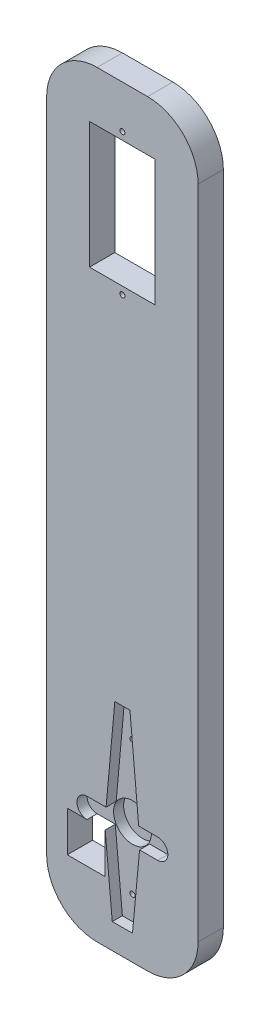
SolidWorks part; units mm, degrees
ref_plane "Přední rovina" through (0, 0, 0) normal (0, 0, 1) x (1, 0, 0)
ref_plane "Horní rovina" through (0, 0, 0) normal (0, 1, 0) x (1, 0, 0)
ref_plane "Pravá rovina" through (0, 0, 0) normal (1, 0, 0) x (0, 0, -1)
sketch "Skica1" plane through (0, 0, 0) normal (0, 0, 1) x (1, 0, 0)
  line L1 (0, 0) -> (30, 0)
  line L2 (0, 0) -> (0, 150)
  line L3 (0, 150) -> (30, 150)
  line L4 (30, 0) -> (30, 150)
  dimension "D1" = 150
  dimension "D2" = 30
extrude "Přidat vysunutím1" add sketch "Skica1" along normal blind 5
fillet "Zaoblit1" radius 10 4 edges at (30, 0, 2.5) (0, 0, 2.5) (30, 150, 2.5) (0, 150, 2.5)
sketch "Skica2" plane through (0, 0, 5) normal (0, 0, 1) x (1, 0, 0)
  line L1 (8.5, 140) -> (21.5, 140)
  line L2 (8.5, 140) -> (8.5, 115)
  line L3 (8.5, 115) -> (21.5, 115)
  line L4 (21.5, 140) -> (21.5, 115)
  line L5 (20, 150) -> (10, 150) construction
  point P4 (15, 150)
  point P7 (15, 140)
  dimension "D1" = 13
  dimension "D2" = 25
  dimension "D3" = 10
extrude "Odebrat vysunutím1" cut sketch "Skica2" against normal through all
sketch "Skica3" plane through (0, 0, 5) normal (0, 0, 1) x (1, 0, 0)
  line L0 (21.5, 140) -> (8.5, 140) construction
  line L2 (8.5, 140) -> (8.5, 115) construction
  line L3 (8.5, 127.5) -> (21.5, 127.5) construction
  line L4 (21.5, 115) -> (21.5, 140) construction
  circle A0 centre (15, 141.5) radius 0.5
  circle A1 centre (15, 113.5) radius 0.5
  point P4 (15, 140)
  point P9 (8.5, 127.5)
  dimension "D1" = 1
  dimension "D2" = 14
  dimension "D3" = 28
extrude "Odebrat vysunutím2" cut sketch "Skica3" against normal through all
sketch "Skica4" plane through (0, 0, 5) normal (0, 0, 1) x (1, 0, 0)
  line L0 (11.5, 21) -> (18.5, 21)
  line L1 (18.5, 21) -> (16.5, 43)
  line L3 (13.5, 43) -> (11.5, 21)
  line L4 (13.5, 43) -> (16.5, 43)
  line L5 (11.5, 21) -> (13, 5)
  line L6 (13, 5) -> (17, 5)
  line L7 (17, 5) -> (18.5, 21)
  line L8 (10, 0) -> (20, 0) construction
  line L10 (8, 24) -> (22, 24)
  line L11 (8, 24) -> (8, 20)
  line L12 (8, 20) -> (22, 20)
  line L13 (22, 24) -> (22, 20)
  arc A0 (8, 24) -> (8, 20) centre (8, 22) ccw
  arc A1 (22, 24) -> (22, 20) centre (22, 22) cw
  point P2 (15, 43)
  point P5 (15, 21)
  point P6 (15, 5)
  point P11 (15, 0)
  point P16 (15, 24)
  dimension "D1" = 7
  dimension "D2" = 3
  dimension "D3" = 22
  dimension "D4" = 16
  dimension "D5" = 5
  dimension "D6" = 4
  dimension "D7" = 19
  dimension "D8" = 14
  dimension "D9" = 4
extrude "Odebrat vysunutím3" cut sketch "Skica4" against normal blind 2 contours L12 L5 L6 L7 | L5 L12 L7 L0 | L11 L12 L5 L3 L10 | L10 L3 L0 L1 | L13 L10 L1 L7 L12 | A1 L13 | L11 A0 | L3 L10 L1 L4
sketch "Skica5" plane through (0, 0, 3) normal (0, 0, 1) x (1, 0, 0)
  line L0 (6, 22) -> (24, 22) construction
  line L1 (13.5, 43) -> (16.5, 43) construction
  circle A0 centre (15, 36.2) radius 0.5
  circle A1 centre (15, 9.7) radius 0.5
  arc A2 (8, 24) -> (8, 20) centre (8, 22) ccw construction
  arc A3 (22, 20) -> (22, 24) centre (22, 22) ccw construction
  point P10 (15, 43)
  dimension "D1" = 1
  dimension "D2" = 1
  dimension "D4" = 14.2
  dimension "D3" = 12.3
extrude "Odebrat vysunutím4" cut sketch "Skica5" against normal through all
sketch "Skica6" plane through (0, 0, 3) normal (0, 0, 1) x (1, 0, 0)
  line L0 (6, 22) -> (24, 22) construction
  line L1 (15, 43) -> (15, 5) construction
  line L2 (13.5, 43) -> (16.5, 43) construction
  line L3 (13, 5) -> (17, 5) construction
  circle A0 centre (15, 22) radius 3.75
  arc A1 (8, 24) -> (8, 20) centre (8, 22) ccw construction
  arc A2 (22, 20) -> (22, 24) centre (22, 22) ccw construction
  point P16 (15, 22)
  dimension "D2" = 7.5
  dimension "D1" = 0
extrude "Odebrat vysunutím5" cut sketch "Skica6" against normal blind 2
sketch "Skica7" plane through (0, 0, 5) normal (0, 0, 1) x (1, 0, 0)
  line L1 (11.5937, 20) -> (4.0937, 20)
  line L2 (11.5937, 20) -> (11.5938, 12)
  line L3 (11.5938, 12) -> (4.0938, 12)
  line L4 (4.0937, 20) -> (4.0938, 12)
  dimension "D1" = 8
  dimension "D2" = 7.5
extrude "Odebrat vysunutím6" cut sketch "Skica7" against normal through all

**EXERCISE AIM:**
In the listing above, find the line with "line L3 (13.5, 43) -> (11.5, 21)" and the line with "line L2 (13.5, 43)"; set down exactly those two lines and every line between them, nothing more.

**RESPONSE TO THIS TASK:**
  line L3 (13.5, 43) -> (11.5, 21)
  line L4 (13.5, 43) -> (16.5, 43)
  line L5 (11.5, 21) -> (13, 5)
  line L6 (13, 5) -> (17, 5)
  line L7 (17, 5) -> (18.5, 21)
  line L8 (10, 0) -> (20, 0) construction
  line L10 (8, 24) -> (22, 24)
  line L11 (8, 24) -> (8, 20)
  line L12 (8, 20) -> (22, 20)
  line L13 (22, 24) -> (22, 20)
  arc A0 (8, 24) -> (8, 20) centre (8, 22) ccw
  arc A1 (22, 24) -> (22, 20) centre (22, 22) cw
  point P2 (15, 43)
  point P5 (15, 21)
  point P6 (15, 5)
  point P11 (15, 0)
  point P16 (15, 24)
  dimension "D1" = 7
  dimension "D2" = 3
  dimension "D3" = 22
  dimension "D4" = 16
  dimension "D5" = 5
  dimension "D6" = 4
  dimension "D7" = 19
  dimension "D8" = 14
  dimension "D9" = 4
extrude "Odebrat vysunutím3" cut sketch "Skica4" against normal blind 2 contours L12 L5 L6 L7 | L5 L12 L7 L0 | L11 L12 L5 L3 L10 | L10 L3 L0 L1 | L13 L10 L1 L7 L12 | A1 L13 | L11 A0 | L3 L10 L1 L4
sketch "Skica5" plane through (0, 0, 3) normal (0, 0, 1) x (1, 0, 0)
  line L0 (6, 22) -> (24, 22) construction
  line L1 (13.5, 43) -> (16.5, 43) construction
  circle A0 centre (15, 36.2) radius 0.5
  circle A1 centre (15, 9.7) radius 0.5
  arc A2 (8, 24) -> (8, 20) centre (8, 22) ccw construction
  arc A3 (22, 20) -> (22, 24) centre (22, 22) ccw construction
  point P10 (15, 43)
  dimension "D1" = 1
  dimension "D2" = 1
  dimension "D4" = 14.2
  dimension "D3" = 12.3
extrude "Odebrat vysunutím4" cut sketch "Skica5" against normal through all
sketch "Skica6" plane through (0, 0, 3) normal (0, 0, 1) x (1, 0, 0)
  line L0 (6, 22) -> (24, 22) construction
  line L1 (15, 43) -> (15, 5) construction
  line L2 (13.5, 43) -> (16.5, 43) construction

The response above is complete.